Exercise directions:
Leaving out the pictures, write the following records exactly as they read.

Given information:
· · · · ·

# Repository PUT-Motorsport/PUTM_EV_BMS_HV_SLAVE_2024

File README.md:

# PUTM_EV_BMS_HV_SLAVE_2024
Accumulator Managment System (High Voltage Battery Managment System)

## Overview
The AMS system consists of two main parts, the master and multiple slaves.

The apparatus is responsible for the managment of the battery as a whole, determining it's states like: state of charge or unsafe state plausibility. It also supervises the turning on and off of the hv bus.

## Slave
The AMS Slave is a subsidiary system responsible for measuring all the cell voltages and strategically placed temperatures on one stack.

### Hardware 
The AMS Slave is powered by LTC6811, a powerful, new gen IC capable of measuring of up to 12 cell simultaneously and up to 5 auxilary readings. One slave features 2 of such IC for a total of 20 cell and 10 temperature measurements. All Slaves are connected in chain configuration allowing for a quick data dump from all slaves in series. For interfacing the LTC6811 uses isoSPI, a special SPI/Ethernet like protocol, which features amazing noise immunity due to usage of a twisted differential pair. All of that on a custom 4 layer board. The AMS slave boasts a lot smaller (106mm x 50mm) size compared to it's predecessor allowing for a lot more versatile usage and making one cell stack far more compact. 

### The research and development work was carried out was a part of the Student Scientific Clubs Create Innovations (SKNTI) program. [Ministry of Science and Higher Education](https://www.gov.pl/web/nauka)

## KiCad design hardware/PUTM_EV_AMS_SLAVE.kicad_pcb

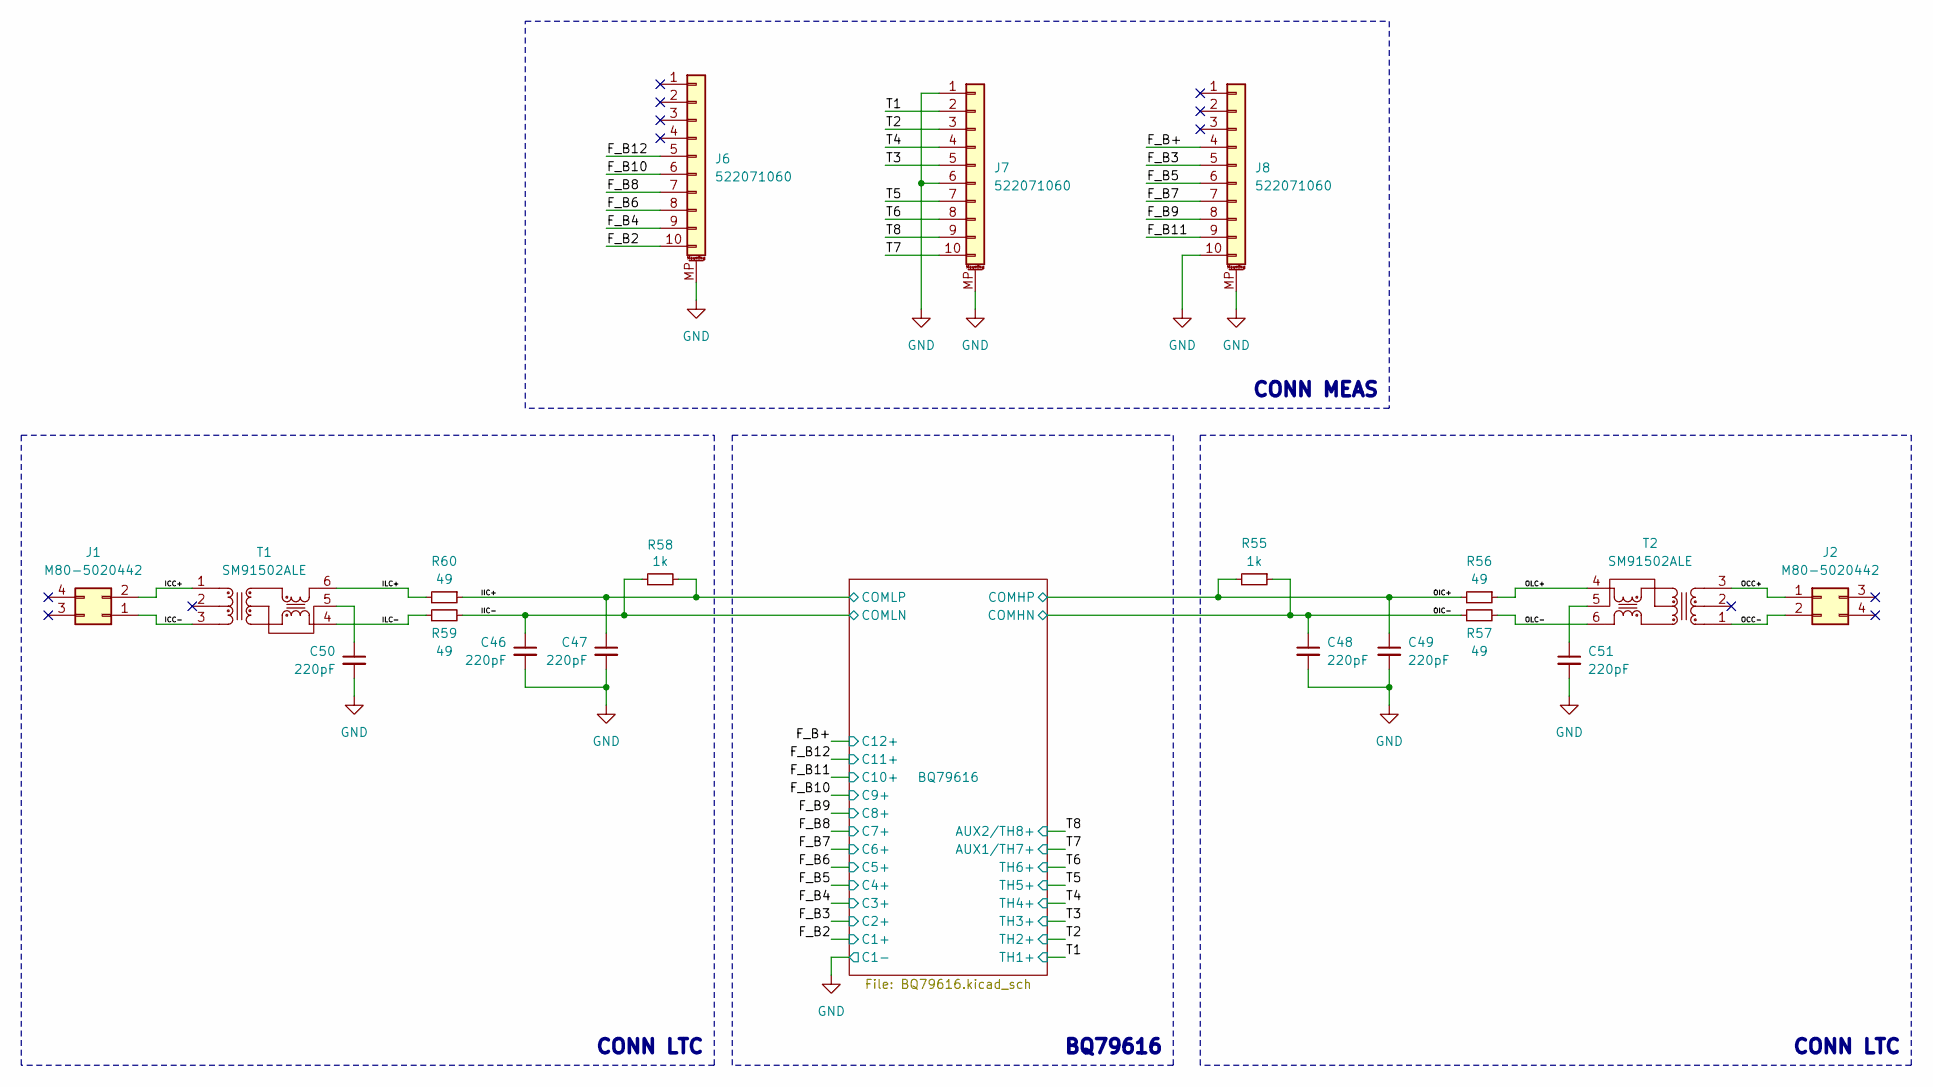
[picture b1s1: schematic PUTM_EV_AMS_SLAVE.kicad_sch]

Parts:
C46, C47, C48, C49, C50, C51: 220pF; C_0603_1608Metric; Mouser Part Number 581-06033A221JAT2A
J1, J2: M80-5020442; M80-50204YY; Mouser Part Number 855-M80-5020442
J6, J7, J8: 522071060; Mouser Part Number 538-52207-1060
R55, R58: 1k; R_0603_1608Metric; Manufacturer_Part_Number RT0603FRE07330RL; Mouser Part Number --
R56, R57, R59, R60: 49; R_0603_1608Metric; Manufacturer_Part_Number RT0603FRE07330RL; Mouser Part Number 603-RT0603FRE07330RL
T1, T2: SM91502ALE; SOP254P927X572-6N; Mouser Part Number 652-SM91502ALE

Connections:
/F_B2: J6.10; also elsewhere on the board
/F_B3: J8.5; also elsewhere on the board
/F_B4: J6.9; also elsewhere on the board
/F_B5: J8.6; also elsewhere on the board
/F_B6: J6.8; also elsewhere on the board
/F_B7: J8.7; also elsewhere on the board
/F_B8: J6.7; also elsewhere on the board
/F_B9: J8.8; also elsewhere on the board
/F_B10: J6.6; also elsewhere on the board
/F_B11: J8.9; also elsewhere on the board
/F_B12: J6.5; also elsewhere on the board
/F_B+: J8.4; also elsewhere on the board
/ICC+: J1.2, T1.1 (PRI_1)
/ICC-: J1.1, T1.3 (PRI_3)
/IIC+: C47.1, R58.2, R60.1; also elsewhere on the board
/IIC-: C46.1, R58.1, R59.2; also elsewhere on the board
/ILC+: R60.2, T1.6 (SEC_3)
/ILC-: R59.1, T1.4 (SEC_1)
/OCC+: J2.1, T2.3 (PRI_3)
/OCC-: J2.2, T2.1 (PRI_1)
/OIC+: C49.1, R55.2, R56.2; also elsewhere on the board
/OIC-: C48.1, R55.1, R57.1; also elsewhere on the board
/OLC+: R56.1, T2.4 (SEC_1)
/OLC-: R57.2, T2.6 (SEC_3)
/T1: J7.2; also elsewhere on the board
/T2: J7.3; also elsewhere on the board
/T3: J7.5; also elsewhere on the board
/T4: J7.4; also elsewhere on the board
/T5: J7.7; also elsewhere on the board
/T6: J7.8; also elsewhere on the board
/T7: J7.10; also elsewhere on the board
/T8: J7.9; also elsewhere on the board
GND: C46.2, C47.2, C48.2, C49.2, C50.2, C51.2, J6.MP (MountPin), J7.1, J7.6, J7.MP (MountPin), J8.10, J8.MP (MountPin); also elsewhere on the board
unnamed: C50.1, T1.5 (SEC_2)
unnamed: C51.1, T2.5 (SEC_2)

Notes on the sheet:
BQ79616
CONN LTC
CONN MEAS

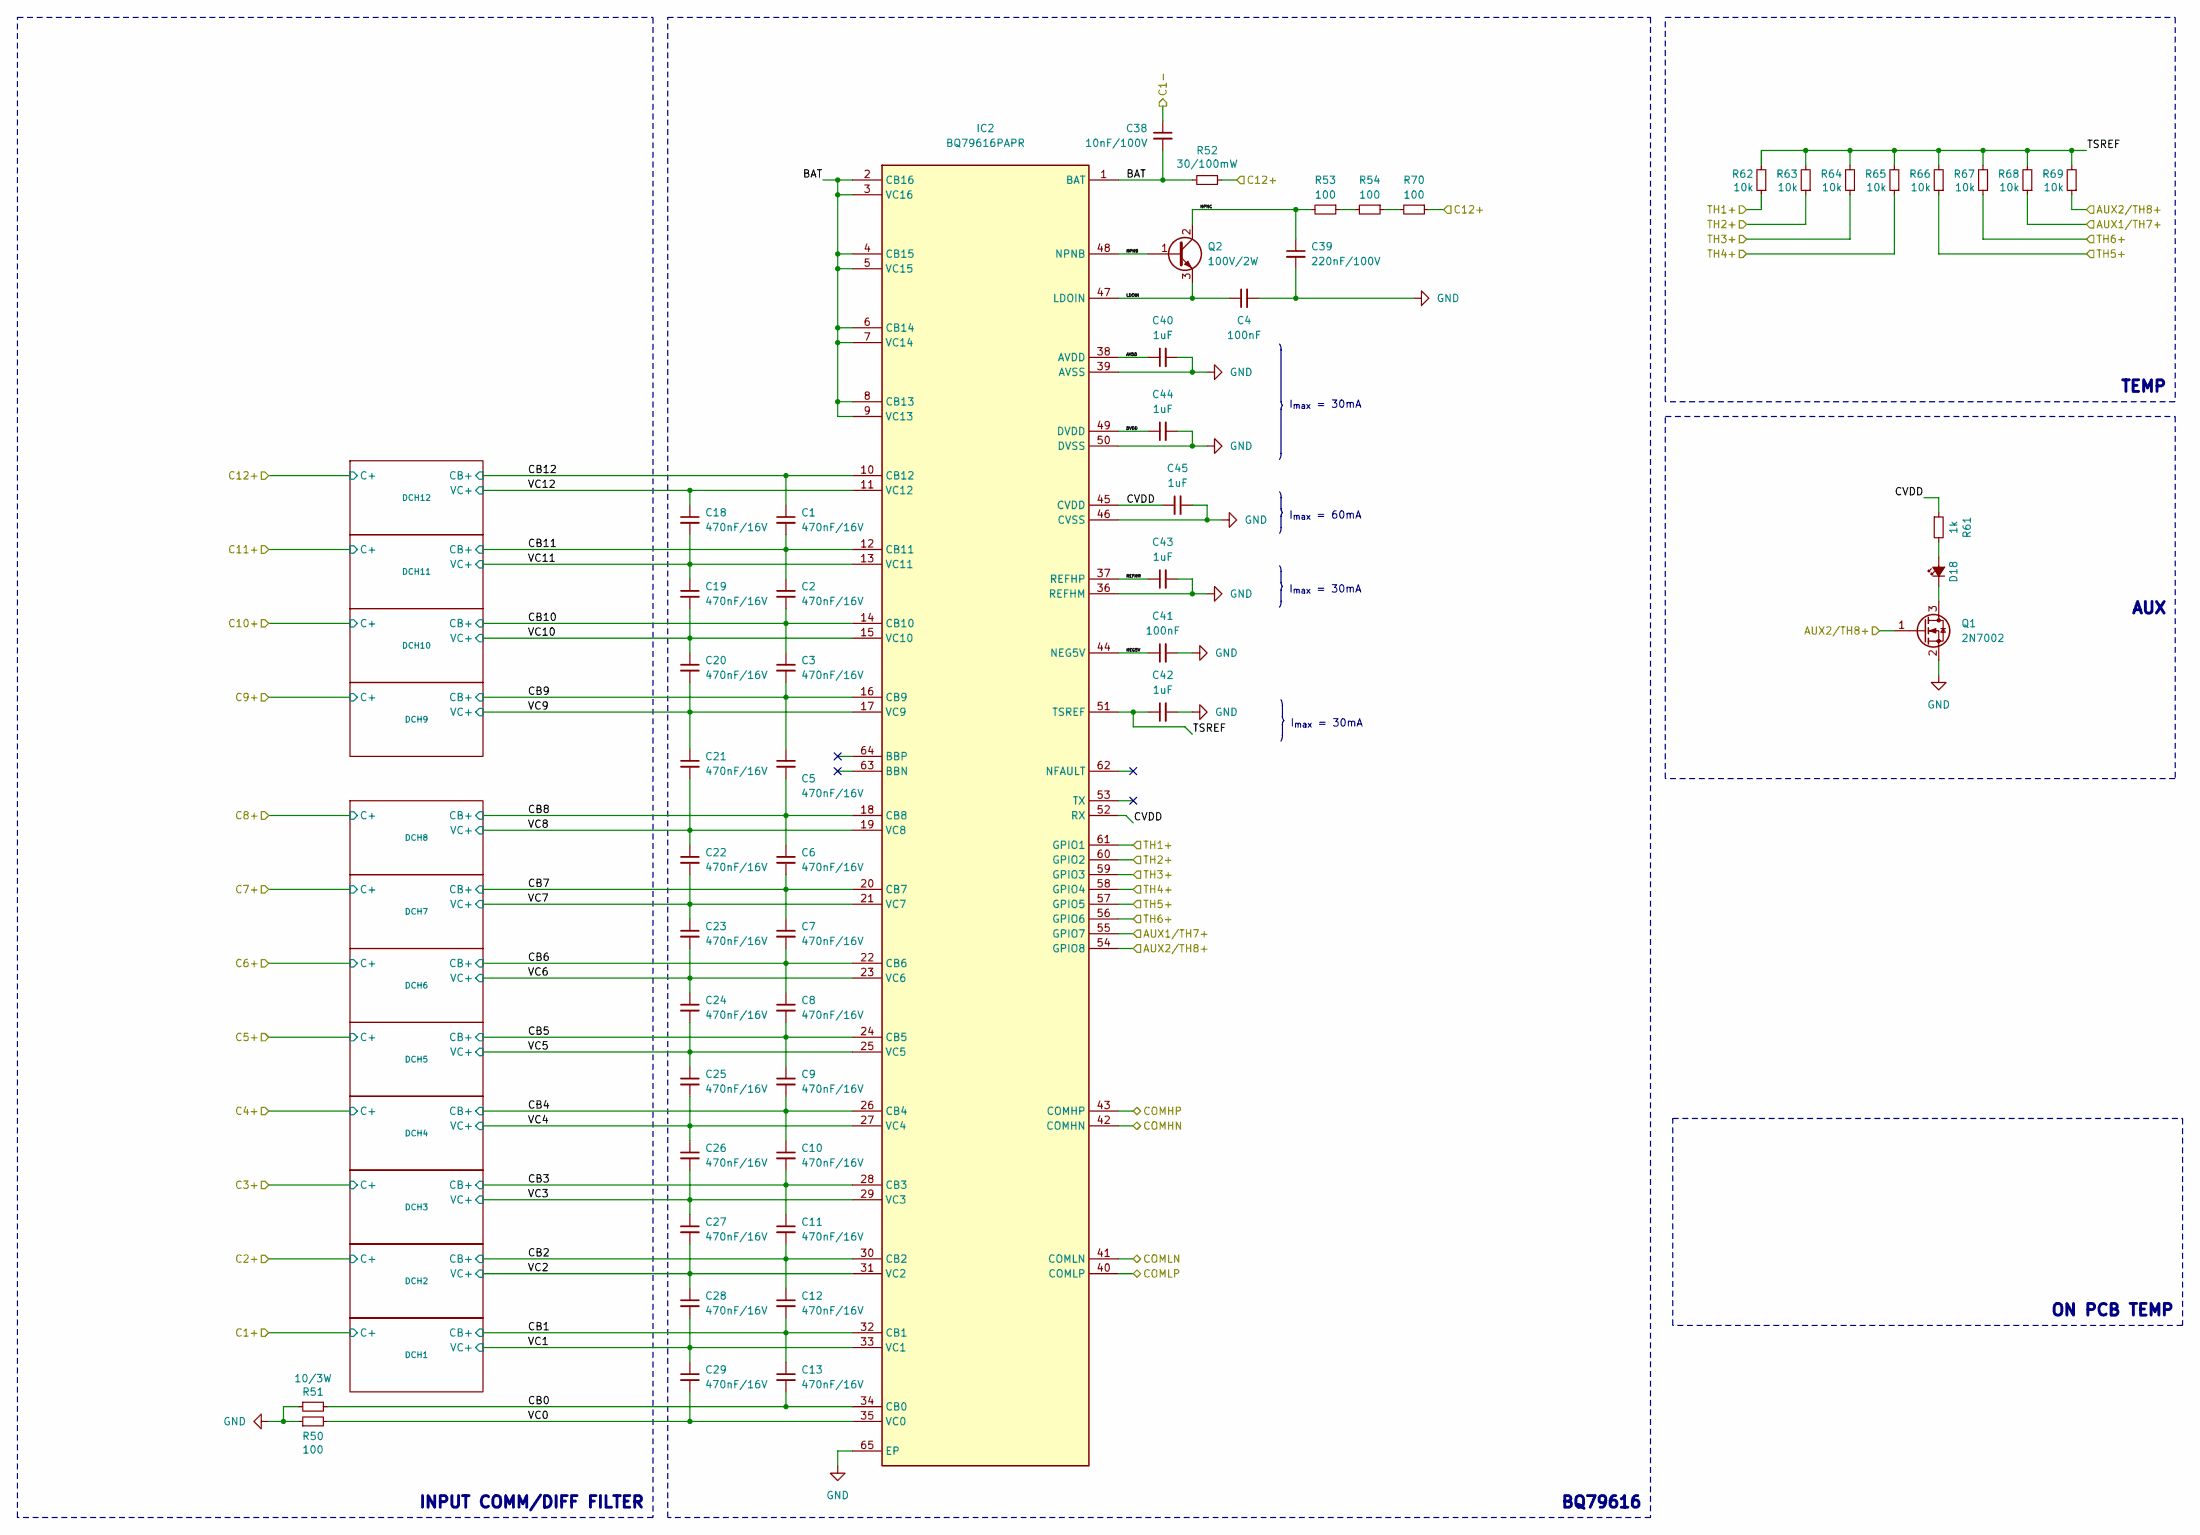
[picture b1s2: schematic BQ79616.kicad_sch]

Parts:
C1, C2, C3, C5, C6, C7, C8, C9, C10, C11, C12, C13, C18, C19, C20, C21, C22, C23, C24, C25, C26, C27, C28, C29: 470nF/16V; C_0603_1608Metric; Mouser Part Number 963-TMK107B7474KA-TR
C4, C41: 100nF; C_0603_1608Metric; Mouser Part Number --
C38: 10nF/100V; C_0603_1608Metric; Mouser Part Number 81-GRT188R72A103KE1J
C39: 220nF/100V; C_0805_2012Metric; Mouser Part Number 963-H168SC7224KTCA1J
C40, C42, C43, C44, C45: 1uF; C_0603_1608Metric; Mouser Part Number 187-CL10B105KA8NNNL
D18: LED; LED_0603_1608Metric; Manufacturer_Part_Number 150060SS75000; Mouser Part Number 710-150060SS75000
IC2: BQ79616PAPR; QFP50P1200X1200X120-65N; Mouser Part Number 595-BQ79616PAPR
Q1: 2N7002; SOT-23
Q2: 100V/2W; SOT-223-3_TabPin2; Mouser Part Number 522-FZT653TA
R50, R53, R54, R70: 100; R_0603_1608Metric; Manufacturer_Part_Number RT0603FRE07330RL; Mouser Part Number --
R51: 10/3W; R_2512_6332Metric; Manufacturer_Part_Number 352210RJT; Mouser Part Number 279-352210RJT
R52: 30/100mW; R_0603_1608Metric; Manufacturer_Part_Number RT0603FRE07330RL; Mouser Part Number 603-RT0603FRE07330RL
R61: 1k; R_0603_1608Metric; Manufacturer_Part_Number RT0603FRE07330RL; Mouser Part Number --
R62, R63, R64, R65, R66, R67, R68, R69: 10k; R_0603_1608Metric; Manufacturer_Part_Number RT0603FRE07330RL; Mouser Part Number --

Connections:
/BQ79616/AVDD: C40.1, IC2.38 (AVDD)
/BQ79616/BAT: C38.2, IC2.1 (BAT), IC2.2 (CB16), IC2.3 (VC16), IC2.4 (CB15), IC2.5 (VC15), IC2.6 (CB14), IC2.7 (VC14), IC2.8 (CB13), IC2.9 (VC13), R52.2
/BQ79616/CB0: C13.2, IC2.34 (CB0), R51.2
/BQ79616/CB1: C12.2, C13.1, IC2.32 (CB1); also elsewhere on the board
/BQ79616/CB2: C11.2, C12.1, IC2.30 (CB2); also elsewhere on the board
/BQ79616/CB3: C10.2, C11.1, IC2.28 (CB3); also elsewhere on the board
/BQ79616/CB4: C9.2, C10.1, IC2.26 (CB4); also elsewhere on the board
/BQ79616/CB5: C8.2, C9.1, IC2.24 (CB5); also elsewhere on the board
/BQ79616/CB6: C7.2, C8.1, IC2.22 (CB6); also elsewhere on the board
/BQ79616/CB7: C6.2, C7.1, IC2.20 (CB7); also elsewhere on the board
/BQ79616/CB8: C5.2, C6.1, IC2.18 (CB8); also elsewhere on the board
/BQ79616/CB9: C3.2, C5.1, IC2.16 (CB9); also elsewhere on the board
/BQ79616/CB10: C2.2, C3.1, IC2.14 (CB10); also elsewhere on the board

· · · · ·

Response to this exercise:
# Repository PUT-Motorsport/PUTM_EV_BMS_HV_SLAVE_2024

File README.md:

# PUTM_EV_BMS_HV_SLAVE_2024
Accumulator Managment System (High Voltage Battery Managment System)

## Overview
The AMS system consists of two main parts, the master and multiple slaves.

The apparatus is responsible for the managment of the battery as a whole, determining it's states like: state of charge or unsafe state plausibility. It also supervises the turning on and off of the hv bus.

## Slave
The AMS Slave is a subsidiary system responsible for measuring all the cell voltages and strategically placed temperatures on one stack.

### Hardware 
The AMS Slave is powered by LTC6811, a powerful, new gen IC capable of measuring of up to 12 cell simultaneously and up to 5 auxilary readings. One slave features 2 of such IC for a total of 20 cell and 10 temperature measurements. All Slaves are connected in chain configuration allowing for a quick data dump from all slaves in series. For interfacing the LTC6811 uses isoSPI, a special SPI/Ethernet like protocol, which features amazing noise immunity due to usage of a twisted differential pair. All of that on a custom 4 layer board. The AMS slave boasts a lot smaller (106mm x 50mm) size compared to it's predecessor allowing for a lot more versatile usage and making one cell stack far more compact. 

### The research and development work was carried out was a part of the Student Scientific Clubs Create Innovations (SKNTI) program. [Ministry of Science and Higher Education](https://www.gov.pl/web/nauka)

## KiCad design hardware/PUTM_EV_AMS_SLAVE.kicad_pcb

[picture b1s1: schematic PUTM_EV_AMS_SLAVE.kicad_sch]

Parts:
C46, C47, C48, C49, C50, C51: 220pF; C_0603_1608Metric; Mouser Part Number 581-06033A221JAT2A
J1, J2: M80-5020442; M80-50204YY; Mouser Part Number 855-M80-5020442
J6, J7, J8: 522071060; Mouser Part Number 538-52207-1060
R55, R58: 1k; R_0603_1608Metric; Manufacturer_Part_Number RT0603FRE07330RL; Mouser Part Number --
R56, R57, R59, R60: 49; R_0603_1608Metric; Manufacturer_Part_Number RT0603FRE07330RL; Mouser Part Number 603-RT0603FRE07330RL
T1, T2: SM91502ALE; SOP254P927X572-6N; Mouser Part Number 652-SM91502ALE

Connections:
/F_B2: J6.10; also elsewhere on the board
/F_B3: J8.5; also elsewhere on the board
/F_B4: J6.9; also elsewhere on the board
/F_B5: J8.6; also elsewhere on the board
/F_B6: J6.8; also elsewhere on the board
/F_B7: J8.7; also elsewhere on the board
/F_B8: J6.7; also elsewhere on the board
/F_B9: J8.8; also elsewhere on the board
/F_B10: J6.6; also elsewhere on the board
/F_B11: J8.9; also elsewhere on the board
/F_B12: J6.5; also elsewhere on the board
/F_B+: J8.4; also elsewhere on the board
/ICC+: J1.2, T1.1 (PRI_1)
/ICC-: J1.1, T1.3 (PRI_3)
/IIC+: C47.1, R58.2, R60.1; also elsewhere on the board
/IIC-: C46.1, R58.1, R59.2; also elsewhere on the board
/ILC+: R60.2, T1.6 (SEC_3)
/ILC-: R59.1, T1.4 (SEC_1)
/OCC+: J2.1, T2.3 (PRI_3)
/OCC-: J2.2, T2.1 (PRI_1)
/OIC+: C49.1, R55.2, R56.2; also elsewhere on the board
/OIC-: C48.1, R55.1, R57.1; also elsewhere on the board
/OLC+: R56.1, T2.4 (SEC_1)
/OLC-: R57.2, T2.6 (SEC_3)
/T1: J7.2; also elsewhere on the board
/T2: J7.3; also elsewhere on the board
/T3: J7.5; also elsewhere on the board
/T4: J7.4; also elsewhere on the board
/T5: J7.7; also elsewhere on the board
/T6: J7.8; also elsewhere on the board
/T7: J7.10; also elsewhere on the board
/T8: J7.9; also elsewhere on the board
GND: C46.2, C47.2, C48.2, C49.2, C50.2, C51.2, J6.MP (MountPin), J7.1, J7.6, J7.MP (MountPin), J8.10, J8.MP (MountPin); also elsewhere on the board
unnamed: C50.1, T1.5 (SEC_2)
unnamed: C51.1, T2.5 (SEC_2)

Notes on the sheet:
BQ79616
CONN LTC
CONN MEAS

[picture b1s2: schematic BQ79616.kicad_sch]

Parts:
C1, C2, C3, C5, C6, C7, C8, C9, C10, C11, C12, C13, C18, C19, C20, C21, C22, C23, C24, C25, C26, C27, C28, C29: 470nF/16V; C_0603_1608Metric; Mouser Part Number 963-TMK107B7474KA-TR
C4, C41: 100nF; C_0603_1608Metric; Mouser Part Number --
C38: 10nF/100V; C_0603_1608Metric; Mouser Part Number 81-GRT188R72A103KE1J
C39: 220nF/100V; C_0805_2012Metric; Mouser Part Number 963-H168SC7224KTCA1J
C40, C42, C43, C44, C45: 1uF; C_0603_1608Metric; Mouser Part Number 187-CL10B105KA8NNNL
D18: LED; LED_0603_1608Metric; Manufacturer_Part_Number 150060SS75000; Mouser Part Number 710-150060SS75000
IC2: BQ79616PAPR; QFP50P1200X1200X120-65N; Mouser Part Number 595-BQ79616PAPR
Q1: 2N7002; SOT-23
Q2: 100V/2W; SOT-223-3_TabPin2; Mouser Part Number 522-FZT653TA
R50, R53, R54, R70: 100; R_0603_1608Metric; Manufacturer_Part_Number RT0603FRE07330RL; Mouser Part Number --
R51: 10/3W; R_2512_6332Metric; Manufacturer_Part_Number 352210RJT; Mouser Part Number 279-352210RJT
R52: 30/100mW; R_0603_1608Metric; Manufacturer_Part_Number RT0603FRE07330RL; Mouser Part Number 603-RT0603FRE07330RL
R61: 1k; R_0603_1608Metric; Manufacturer_Part_Number RT0603FRE07330RL; Mouser Part Number --
R62, R63, R64, R65, R66, R67, R68, R69: 10k; R_0603_1608Metric; Manufacturer_Part_Number RT0603FRE07330RL; Mouser Part Number --

Connections:
/BQ79616/AVDD: C40.1, IC2.38 (AVDD)
/BQ79616/BAT: C38.2, IC2.1 (BAT), IC2.2 (CB16), IC2.3 (VC16), IC2.4 (CB15), IC2.5 (VC15), IC2.6 (CB14), IC2.7 (VC14), IC2.8 (CB13), IC2.9 (VC13), R52.2
/BQ79616/CB0: C13.2, IC2.34 (CB0), R51.2
/BQ79616/CB1: C12.2, C13.1, IC2.32 (CB1); also elsewhere on the board
/BQ79616/CB2: C11.2, C12.1, IC2.30 (CB2); also elsewhere on the board
/BQ79616/CB3: C10.2, C11.1, IC2.28 (CB3); also elsewhere on the board
/BQ79616/CB4: C9.2, C10.1, IC2.26 (CB4); also elsewhere on the board
/BQ79616/CB5: C8.2, C9.1, IC2.24 (CB5); also elsewhere on the board
/BQ79616/CB6: C7.2, C8.1, IC2.22 (CB6); also elsewhere on the board
/BQ79616/CB7: C6.2, C7.1, IC2.20 (CB7); also elsewhere on the board
/BQ79616/CB8: C5.2, C6.1, IC2.18 (CB8); also elsewhere on the board
/BQ79616/CB9: C3.2, C5.1, IC2.16 (CB9); also elsewhere on the board
/BQ79616/CB10: C2.2, C3.1, IC2.14 (CB10); also elsewhere on the board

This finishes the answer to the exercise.